Virtual preservation techniques are essential for archaeology since they safeguard sites by visualizing changes phase by phase, such as the Itakhola Mound Temple. This reconstruction of previous phases assists scholars in understanding obscured architectural features when analyzing historical development, religious shifting, or other viewpoints, hence ensuring vital data documentation. It enables the effective and sustainable comprehension of cultural heritage by providing researchers and learners remote access to archaeological sites both now and in the future, notwithstanding the deterioration of original structures.

This work underscores the growing importance of digital technologies in archaeological research, referred to as Digital Archaeology. The application of 3D modelling, which includes data acquisition through fieldwork and literature analysis, together with visualization using Autodesk AutoCAD and 3D Studio Max, has demonstrated the potential of virtual reconstructions in comprehending cultural heritage. The progression of technology guarantees that these strategies will enhance the documentation and interpretation of historical sites efficiently.

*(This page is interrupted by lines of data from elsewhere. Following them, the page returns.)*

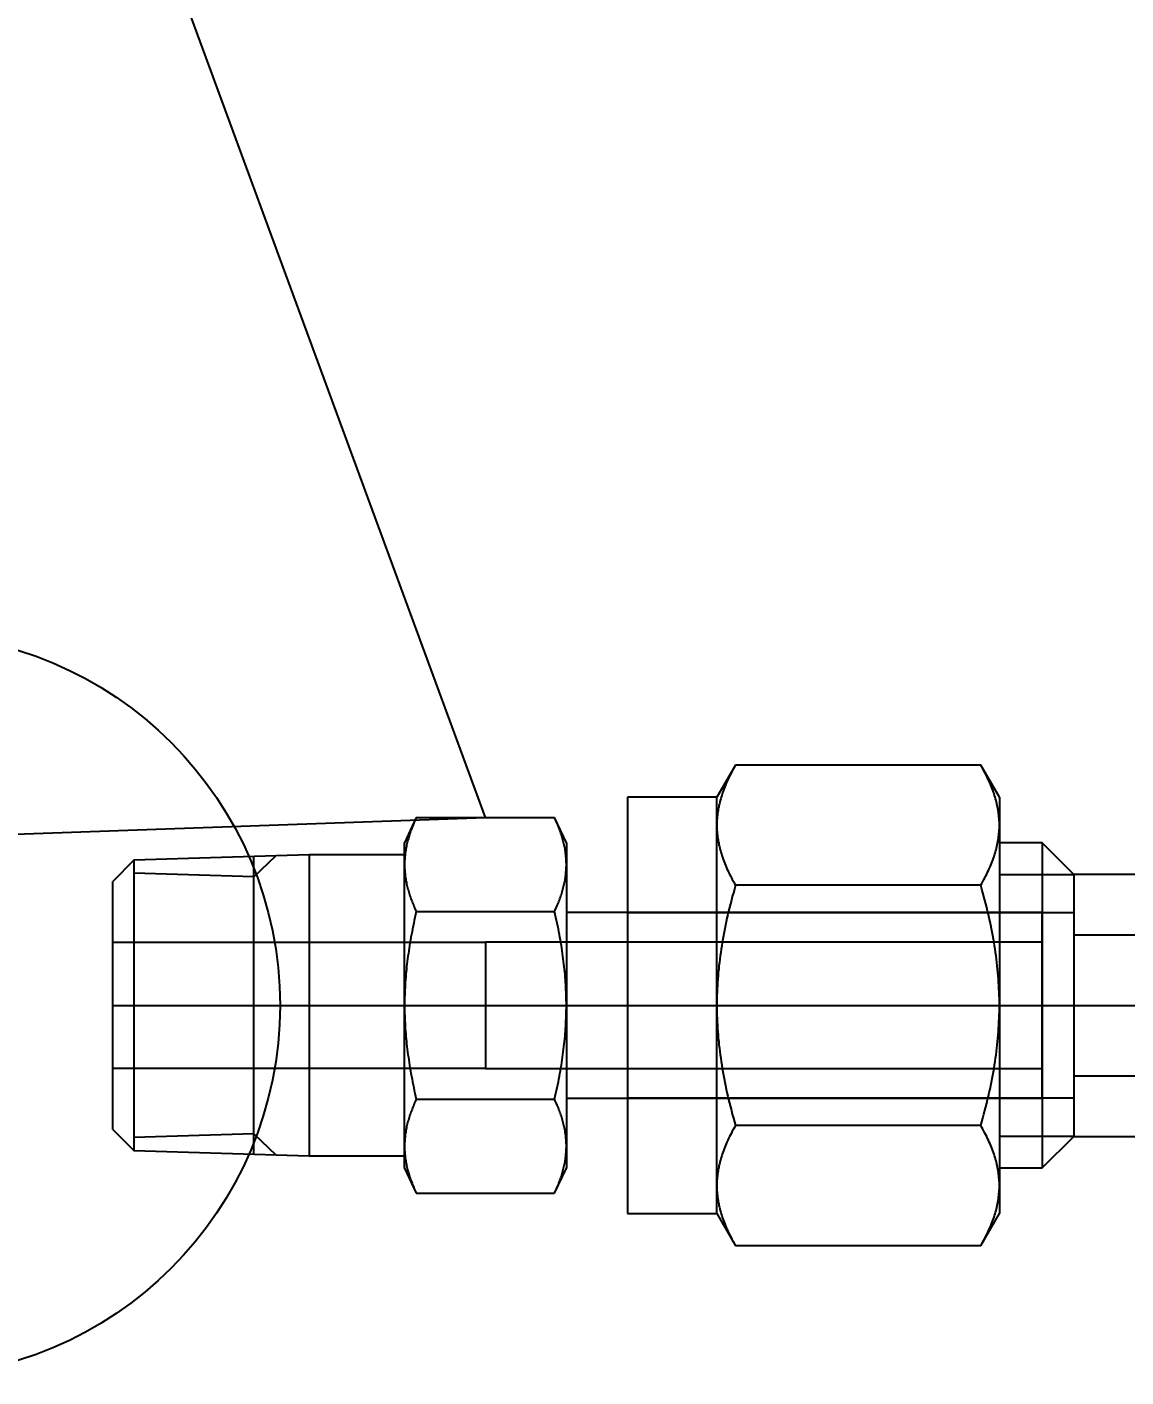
# Model space of a CAD drawing. Header units: inches. Extents: x 5.3 to 31.2, y 3.7 to 34.9.
# Drawn here: x 18.693 to 20.172, y 11.913 to 13.729 of the extents above; entities that cross this region are included whole.
import ezdxf
from ezdxf import colors
from ezdxf.entities.mleader import LeaderData, LeaderLine
from ezdxf.math import Vec2, Vec3

# ---------------------------------------------------------------- set-up
doc = ezdxf.new("R2010")
doc.units = ezdxf.units.IN
doc.header["$MEASUREMENT"] = 0
doc.linetypes.add('CENTER2', pattern=[28.575, 19.05, -3.175, 3.175, -3.175])
doc.linetypes.add('HIDDEN2', pattern=[4.7625, 3.175, -1.5875])
for name, color, linetype in [('NOTES', 1, 'Continuous'), ('Solenoids', 50, 'Continuous'), ('TRDETAIL2', 7, 'Continuous'), ('TRDETAIL3', 7, 'Continuous'), ('TRMODEL1', 7, 'Continuous'), ('TRMODEL3', 7, 'Continuous')]:
    doc.layers.add(name, color=color, linetype=linetype)

# ---------------------------------------------------------------- blocks, each defined once
blk = doc.blocks.new('SS-400-4')
at = {"layer": 'TRDETAIL2', "color": 6, "linetype": 'HIDDEN2'}
for p, q in [((-2.6891, 1.1494), (-2.0891, 1.1494)), ((-2.0891, 1.1494), (-2.0891, 0.8994)), ((-2.0891, 1.1194), (-1.7241, 1.1194)), ((-1.7241, 0.9294), (-2.0891, 0.9294)), ((-2.0891, 0.8994), (-2.6891, 0.8994))]:
    blk.add_line(p, q, dxfattribs=at)
at = {"layer": 'TRDETAIL3', "color": 4, "linetype": 'CENTER2'}
blk.add_line((-2.6891, 1.0244), (-0.5691, 1.0244), dxfattribs=at)
at = {"layer": 'TRMODEL1', "color": 7, "linetype": 'Continuous'}
for p, q in [((-2.5441, 1.3477), (-2.5691, 1.3044)), ((-2.5455, 1.3452), (-2.5469, 1.3427)), ((-2.5441, 1.3477), (-2.5455, 1.3452)), ((-2.2141, 1.3477), (-2.5441, 1.3477)), ((-2.2126, 1.3452), (-2.2141, 1.3477)), ((-2.1891, 1.3044), (-2.2141, 1.3477)), ((-2.2112, 1.3427), (-2.2126, 1.3452)), ((-2.5544, 1.3279), (-2.5555, 1.3255)), ((-2.5533, 1.3303), (-2.5544, 1.3279)), ((-2.5521, 1.3328), (-2.5533, 1.3303)), ((-2.5509, 1.3352), (-2.5521, 1.3328)), ((-2.5496, 1.3377), (-2.5509, 1.3352)), ((-2.5483, 1.3401), (-2.5496, 1.3377)), ((-2.5469, 1.3427), (-2.5483, 1.3401)), ((-2.2098, 1.3401), (-2.2112, 1.3427)), ((-2.2085, 1.3377), (-2.2098, 1.3401)), ((-2.2073, 1.3352), (-2.2085, 1.3377)), ((-2.2061, 1.3328), (-2.2073, 1.3352)), ((-2.2049, 1.3303), (-2.2061, 1.3328)), ((-2.2038, 1.3279), (-2.2049, 1.3303)), ((-2.2027, 1.3255), (-2.2038, 1.3279)), ((-2.5618, 1.3093), (-2.5626, 1.307)), ((-2.561, 1.3115), (-2.5618, 1.3093)), ((-2.5602, 1.3138), (-2.561, 1.3115)), ((-2.5594, 1.3162), (-2.5602, 1.3138)), ((-2.5584, 1.3185), (-2.5594, 1.3162)), ((-2.5575, 1.3208), (-2.5584, 1.3185)), ((-2.5565, 1.3232), (-2.5575, 1.3208)), ((-2.5555, 1.3255), (-2.5565, 1.3232)), ((-2.2016, 1.3232), (-2.2027, 1.3255)), ((-2.2006, 1.3208), (-2.2016, 1.3232)), ((-2.1997, 1.3185), (-2.2006, 1.3208)), ((-2.1988, 1.3162), (-2.1997, 1.3185)), ((-2.1979, 1.3138), (-2.1988, 1.3162)), ((-2.1971, 1.3115), (-2.1979, 1.3138)), ((-2.1963, 1.3093), (-2.1971, 1.3115)), ((-2.1956, 1.307), (-2.1963, 1.3093)), ((-2.6891, 1.3044), (-2.6891, 0.7444)), ((-2.5691, 1.3044), (-2.6891, 1.3044)), ((-2.5691, 1.2669), (-2.5691, 1.3044)), ((-2.5666, 1.2913), (-2.5671, 1.2891)), ((-2.5662, 1.2935), (-2.5666, 1.2913)), ((-2.5657, 1.2957), (-2.5662, 1.2935)), ((-2.5651, 1.298), (-2.5657, 1.2957)), ((-2.5646, 1.3002), (-2.5651, 1.298)), ((-2.5639, 1.3025), (-2.5646, 1.3002)), ((-2.5633, 1.3047), (-2.5639, 1.3025)), ((-2.5626, 1.307), (-2.5633, 1.3047)), ((-2.1949, 1.3047), (-2.1956, 1.307)), ((-2.1942, 1.3025), (-2.1949, 1.3047)), ((-2.1936, 1.3002), (-2.1942, 1.3025)), ((-2.193, 1.298), (-2.1936, 1.3002)), ((-2.1925, 1.2957), (-2.193, 1.298)), ((-2.192, 1.2935), (-2.1925, 1.2957)), ((-2.1915, 1.2913), (-2.192, 1.2935)), ((-2.1911, 1.2891), (-2.1915, 1.2913)), ((-2.1891, 1.3044), (-2.1891, 1.2669)), ((-2.5689, 1.2736), (-2.569, 1.2714)), ((-2.5687, 1.2758), (-2.5689, 1.2736)), ((-2.5686, 1.278), (-2.5687, 1.2758)), ((-2.5683, 1.2802), (-2.5686, 1.278)), ((-2.5681, 1.2824), (-2.5683, 1.2802)), ((-2.5678, 1.2846), (-2.5681, 1.2824)), ((-2.5674, 1.2868), (-2.5678, 1.2846)), ((-2.5671, 1.2891), (-2.5674, 1.2868)), ((-2.1907, 1.2868), (-2.1911, 1.2891)), ((-2.1904, 1.2846), (-2.1907, 1.2868)), ((-2.1901, 1.2824), (-2.1904, 1.2846)), ((-2.1898, 1.2802), (-2.1901, 1.2824)), ((-2.1896, 1.278), (-2.1898, 1.2802)), ((-2.1894, 1.2758), (-2.1896, 1.278)), ((-2.1892, 1.2736), (-2.1894, 1.2758)), ((-2.1891, 1.2714), (-2.1892, 1.2736)), ((-2.569, 1.2691), (-2.5691, 1.2669)), ((-2.5691, 1.2669), (-2.569, 1.2647)), ((-2.5691, 1.0244), (-2.5691, 1.2669)), ((-2.569, 1.2714), (-2.569, 1.2691)), ((-2.569, 1.2647), (-2.569, 1.2625)), ((-2.569, 1.2625), (-2.5689, 1.2603)), ((-2.5689, 1.2603), (-2.5687, 1.258)), ((-2.5687, 1.258), (-2.5686, 1.2558)), ((-2.5686, 1.2558), (-2.5683, 1.2536)), ((-2.5683, 1.2536), (-2.5681, 1.2514)), ((-2.1901, 1.2514), (-2.1898, 1.2536)), ((-2.1898, 1.2536), (-2.1896, 1.2558)), ((-2.1896, 1.2558), (-2.1894, 1.258)), ((-2.1894, 1.258), (-2.1892, 1.2603)), ((-2.1892, 1.2603), (-2.1891, 1.2625)), ((-2.1891, 1.2691), (-2.1891, 1.2714)), ((-2.1891, 1.2669), (-2.1891, 1.2691)), ((-2.1891, 1.2647), (-2.1891, 1.2669)), ((-2.1891, 1.2669), (-2.1891, 1.0244)), ((-2.1891, 1.2625), (-2.1891, 1.2647)), ((-2.5681, 1.2514), (-2.5678, 1.2492)), ((-2.5678, 1.2492), (-2.5674, 1.247)), ((-2.5674, 1.247), (-2.5671, 1.2448)), ((-2.5671, 1.2448), (-2.5666, 1.2425)), ((-2.5666, 1.2425), (-2.5662, 1.2403)), ((-2.5662, 1.2403), (-2.5657, 1.2381)), ((-2.5657, 1.2381), (-2.5651, 1.2359)), ((-2.5651, 1.2359), (-2.5646, 1.2336)), ((-2.1936, 1.2336), (-2.193, 1.2359)), ((-2.193, 1.2359), (-2.1925, 1.2381)), ((-2.1925, 1.2381), (-2.192, 1.2403)), ((-2.192, 1.2403), (-2.1915, 1.2425)), ((-2.1915, 1.2425), (-2.1911, 1.2448)), ((-2.1911, 1.2448), (-2.1907, 1.247)), ((-2.1907, 1.247), (-2.1904, 1.2492)), ((-2.1904, 1.2492), (-2.1901, 1.2514)), ((-2.1316, 1.2432), (-2.1891, 1.2432)), ((-2.1316, 1.2432), (-2.1316, 0.8057)), ((-2.0891, 1.2007), (-2.1316, 1.2432)), ((-2.5646, 1.2336), (-2.5639, 1.2314)), ((-2.5639, 1.2314), (-2.5633, 1.2291)), ((-2.5633, 1.2291), (-2.5626, 1.2268)), ((-2.5626, 1.2268), (-2.5618, 1.2246)), ((-2.5618, 1.2246), (-2.561, 1.2223)), ((-2.561, 1.2223), (-2.5602, 1.22)), ((-2.5602, 1.22), (-2.5594, 1.2177)), ((-2.5594, 1.2177), (-2.5584, 1.2153)), ((-2.1997, 1.2153), (-2.1988, 1.2177)), ((-2.1988, 1.2177), (-2.1979, 1.22)), ((-2.1979, 1.22), (-2.1971, 1.2223)), ((-2.1971, 1.2223), (-2.1963, 1.2246)), ((-2.1963, 1.2246), (-2.1956, 1.2268)), ((-2.1956, 1.2268), (-2.1949, 1.2291)), ((-2.1949, 1.2291), (-2.1942, 1.2314)), ((-2.1942, 1.2314), (-2.1936, 1.2336)), ((-2.5584, 1.2153), (-2.5575, 1.213)), ((-2.5575, 1.213), (-2.5565, 1.2107)), ((-2.5565, 1.2107), (-2.5555, 1.2083)), ((-2.5555, 1.2083), (-2.5544, 1.2059)), ((-2.5544, 1.2059), (-2.5533, 1.2035)), ((-2.5533, 1.2035), (-2.5521, 1.2011)), ((-2.5521, 1.2011), (-2.5509, 1.1986)), ((-2.2073, 1.1986), (-2.2061, 1.2011)), ((-2.2061, 1.2011), (-2.2049, 1.2035)), ((-2.2049, 1.2035), (-2.2038, 1.2059)), ((-2.2038, 1.2059), (-2.2027, 1.2083)), ((-2.2027, 1.2083), (-2.2016, 1.2107)), ((-2.2016, 1.2107), (-2.2006, 1.213)), ((-2.2006, 1.213), (-2.1997, 1.2153)), ((-2.0891, 1.2007), (-2.0891, 0.8482)), ((-1.9891, 1.2007), (-2.0891, 1.2007)), ((-2.0891, 1.2007), (-2.0891, 0.8482)), ((-2.5509, 1.1986), (-2.5496, 1.1962)), ((-2.5496, 1.1962), (-2.5483, 1.1937)), ((-2.5483, 1.1937), (-2.5469, 1.1912)), ((-2.5469, 1.1912), (-2.5455, 1.1886)), ((-2.5455, 1.181), (-2.5469, 1.1759)), ((-2.5455, 1.1886), (-2.5441, 1.1861)), ((-2.5441, 1.1861), (-2.5455, 1.181)), ((-2.2141, 1.1861), (-2.5441, 1.1861)), ((-2.2141, 1.1861), (-2.2126, 1.1886)), ((-2.2126, 1.181), (-2.2141, 1.1861)), ((-2.2126, 1.1886), (-2.2112, 1.1912)), ((-2.2112, 1.1759), (-2.2126, 1.181)), ((-2.2112, 1.1912), (-2.2098, 1.1937)), ((-2.2098, 1.1937), (-2.2085, 1.1962)), ((-2.2085, 1.1962), (-2.2073, 1.1986)), ((-2.5496, 1.1659), (-2.5509, 1.161)), ((-2.5483, 1.1709), (-2.5496, 1.1659)), ((-2.5469, 1.1759), (-2.5483, 1.1709)), ((-2.2098, 1.1709), (-2.2112, 1.1759)), ((-2.2085, 1.1659), (-2.2098, 1.1709)), ((-2.2073, 1.161), (-2.2085, 1.1659)), ((-2.5544, 1.1465), (-2.5555, 1.1417)), ((-2.5533, 1.1513), (-2.5544, 1.1465)), ((-2.5521, 1.1561), (-2.5533, 1.1513)), ((-2.5509, 1.161), (-2.5521, 1.1561)), ((-2.2061, 1.1561), (-2.2073, 1.161)), ((-2.2049, 1.1513), (-2.2061, 1.1561)), ((-2.2038, 1.1465), (-2.2049, 1.1513)), ((-2.2027, 1.1417), (-2.2038, 1.1465)), ((-2.5584, 1.1276), (-2.5594, 1.1229)), ((-2.5575, 1.1322), (-2.5584, 1.1276)), ((-2.5565, 1.1369), (-2.5575, 1.1322)), ((-2.5555, 1.1417), (-2.5565, 1.1369)), ((-2.2016, 1.1369), (-2.2027, 1.1417)), ((-2.2006, 1.1322), (-2.2016, 1.1369)), ((-2.1997, 1.1276), (-2.2006, 1.1322)), ((-2.1988, 1.1229), (-2.1997, 1.1276)), ((-2.5618, 1.1091), (-2.5626, 1.1046)), ((-2.561, 1.1137), (-2.5618, 1.1091)), ((-2.5602, 1.1183), (-2.561, 1.1137)), ((-2.5594, 1.1229), (-2.5602, 1.1183)), ((-2.1979, 1.1183), (-2.1988, 1.1229)), ((-2.1971, 1.1137), (-2.1979, 1.1183)), ((-2.1963, 1.1091), (-2.1971, 1.1137)), ((-2.1956, 1.1046), (-2.1963, 1.1091)), ((-2.5646, 1.091), (-2.5651, 1.0865)), ((-2.5639, 1.0955), (-2.5646, 1.091)), ((-2.5633, 1.1), (-2.5639, 1.0955)), ((-2.5626, 1.1046), (-2.5633, 1.1)), ((-2.1949, 1.1), (-2.1956, 1.1046)), ((-2.1942, 1.0955), (-2.1949, 1.1)), ((-2.1936, 1.091), (-2.1942, 1.0955)), ((-2.193, 1.0865), (-2.1936, 1.091)), ((-2.5666, 1.0732), (-2.5671, 1.0687)), ((-2.5662, 1.0776), (-2.5666, 1.0732)), ((-2.5657, 1.0821), (-2.5662, 1.0776)), ((-2.5651, 1.0865), (-2.5657, 1.0821)), ((-2.1925, 1.0821), (-2.193, 1.0865)), ((-2.192, 1.0776), (-2.1925, 1.0821)), ((-2.1915, 1.0732), (-2.192, 1.0776)), ((-2.1911, 1.0687), (-2.1915, 1.0732)), ((-2.5681, 1.0554), (-2.5683, 1.051)), ((-2.5678, 1.0599), (-2.5681, 1.0554)), ((-2.5674, 1.0643), (-2.5678, 1.0599)), ((-2.5671, 1.0687), (-2.5674, 1.0643)), ((-2.1907, 1.0643), (-2.1911, 1.0687)), ((-2.1904, 1.0599), (-2.1907, 1.0643)), ((-2.1901, 1.0554), (-2.1904, 1.0599)), ((-2.1898, 1.051), (-2.1901, 1.0554)), ((-2.5689, 1.0377), (-2.569, 1.0333)), ((-2.5687, 1.0422), (-2.5689, 1.0377)), ((-2.5686, 1.0466), (-2.5687, 1.0422)), ((-2.5683, 1.051), (-2.5686, 1.0466)), ((-2.1896, 1.0466), (-2.1898, 1.051)), ((-2.1894, 1.0422), (-2.1896, 1.0466)), ((-2.1892, 1.0377), (-2.1894, 1.0422)), ((-2.1891, 1.0333), (-2.1892, 1.0377)), ((-2.569, 1.0289), (-2.5691, 1.0244)), ((-2.5691, 1.0244), (-2.569, 1.02)), ((-2.5691, 0.7819), (-2.5691, 1.0244)), ((-2.569, 1.0333), (-2.569, 1.0289)), ((-2.569, 1.02), (-2.569, 1.0155)), ((-2.1891, 1.0289), (-2.1891, 1.0333)), ((-2.1891, 1.0244), (-2.1891, 1.0289)), ((-2.1891, 1.0244), (-2.1891, 0.7819)), ((-2.1891, 1.02), (-2.1891, 1.0244)), ((-2.1891, 1.0155), (-2.1891, 1.02)), ((-2.569, 1.0155), (-2.5689, 1.0111)), ((-2.5689, 1.0111), (-2.5687, 1.0067)), ((-2.5687, 1.0067), (-2.5686, 1.0023)), ((-2.5686, 1.0023), (-2.5683, 0.9978)), ((-2.1898, 0.9978), (-2.1896, 1.0023)), ((-2.1896, 1.0023), (-2.1894, 1.0067)), ((-2.1894, 1.0067), (-2.1892, 1.0111)), ((-2.1892, 1.0111), (-2.1891, 1.0155)), ((-2.5683, 0.9978), (-2.5681, 0.9934)), ((-2.5681, 0.9934), (-2.5678, 0.989)), ((-2.5678, 0.989), (-2.5674, 0.9846)), ((-2.5674, 0.9846), (-2.5671, 0.9801)), ((-2.1911, 0.9801), (-2.1907, 0.9846)), ((-2.1907, 0.9846), (-2.1904, 0.989)), ((-2.1904, 0.989), (-2.1901, 0.9934)), ((-2.1901, 0.9934), (-2.1898, 0.9978)), ((-2.5671, 0.9801), (-2.5666, 0.9757)), ((-2.5666, 0.9757), (-2.5662, 0.9712)), ((-2.5662, 0.9712), (-2.5657, 0.9668)), ((-2.5657, 0.9668), (-2.5651, 0.9623)), ((-2.193, 0.9623), (-2.1925, 0.9668)), ((-2.1925, 0.9668), (-2.192, 0.9712)), ((-2.192, 0.9712), (-2.1915, 0.9757)), ((-2.1915, 0.9757), (-2.1911, 0.9801)), ((-2.5651, 0.9623), (-2.5646, 0.9578)), ((-2.5646, 0.9578), (-2.5639, 0.9533)), ((-2.5639, 0.9533), (-2.5633, 0.9488)), ((-2.5633, 0.9488), (-2.5626, 0.9443)), ((-2.1956, 0.9443), (-2.1949, 0.9488)), ((-2.1949, 0.9488), (-2.1942, 0.9533)), ((-2.1942, 0.9533), (-2.1936, 0.9578)), ((-2.1936, 0.9578), (-2.193, 0.9623)), ((-2.5626, 0.9443), (-2.5618, 0.9397)), ((-2.5618, 0.9397), (-2.561, 0.9352)), ((-2.561, 0.9352), (-2.5602, 0.9306)), ((-2.5602, 0.9306), (-2.5594, 0.9259)), ((-2.1988, 0.9259), (-2.1979, 0.9306)), ((-2.1979, 0.9306), (-2.1971, 0.9352)), ((-2.1971, 0.9352), (-2.1963, 0.9397)), ((-2.1963, 0.9397), (-2.1956, 0.9443)), ((-2.5594, 0.9259), (-2.5584, 0.9213)), ((-2.5584, 0.9213), (-2.5575, 0.9166)), ((-2.5575, 0.9166), (-2.5565, 0.9119)), ((-2.5565, 0.9119), (-2.5555, 0.9072)), ((-2.2027, 0.9072), (-2.2016, 0.9119)), ((-2.2016, 0.9119), (-2.2006, 0.9166)), ((-2.2006, 0.9166), (-2.1997, 0.9213)), ((-2.1997, 0.9213), (-2.1988, 0.9259)), ((-2.5555, 0.9072), (-2.5544, 0.9024)), ((-2.5544, 0.9024), (-2.5533, 0.8976)), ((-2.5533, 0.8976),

Lastly, this study primarily demonstrates the modifications of the archaeological site Itakhola Mound temple by constructing solid 3D models, depicting the virtual representation of the temple’s five phases, and explaining the probable causes along with additional perspectives such as religious shifts and socio-economic conditions; the expectation is that this will assist in subsequent research.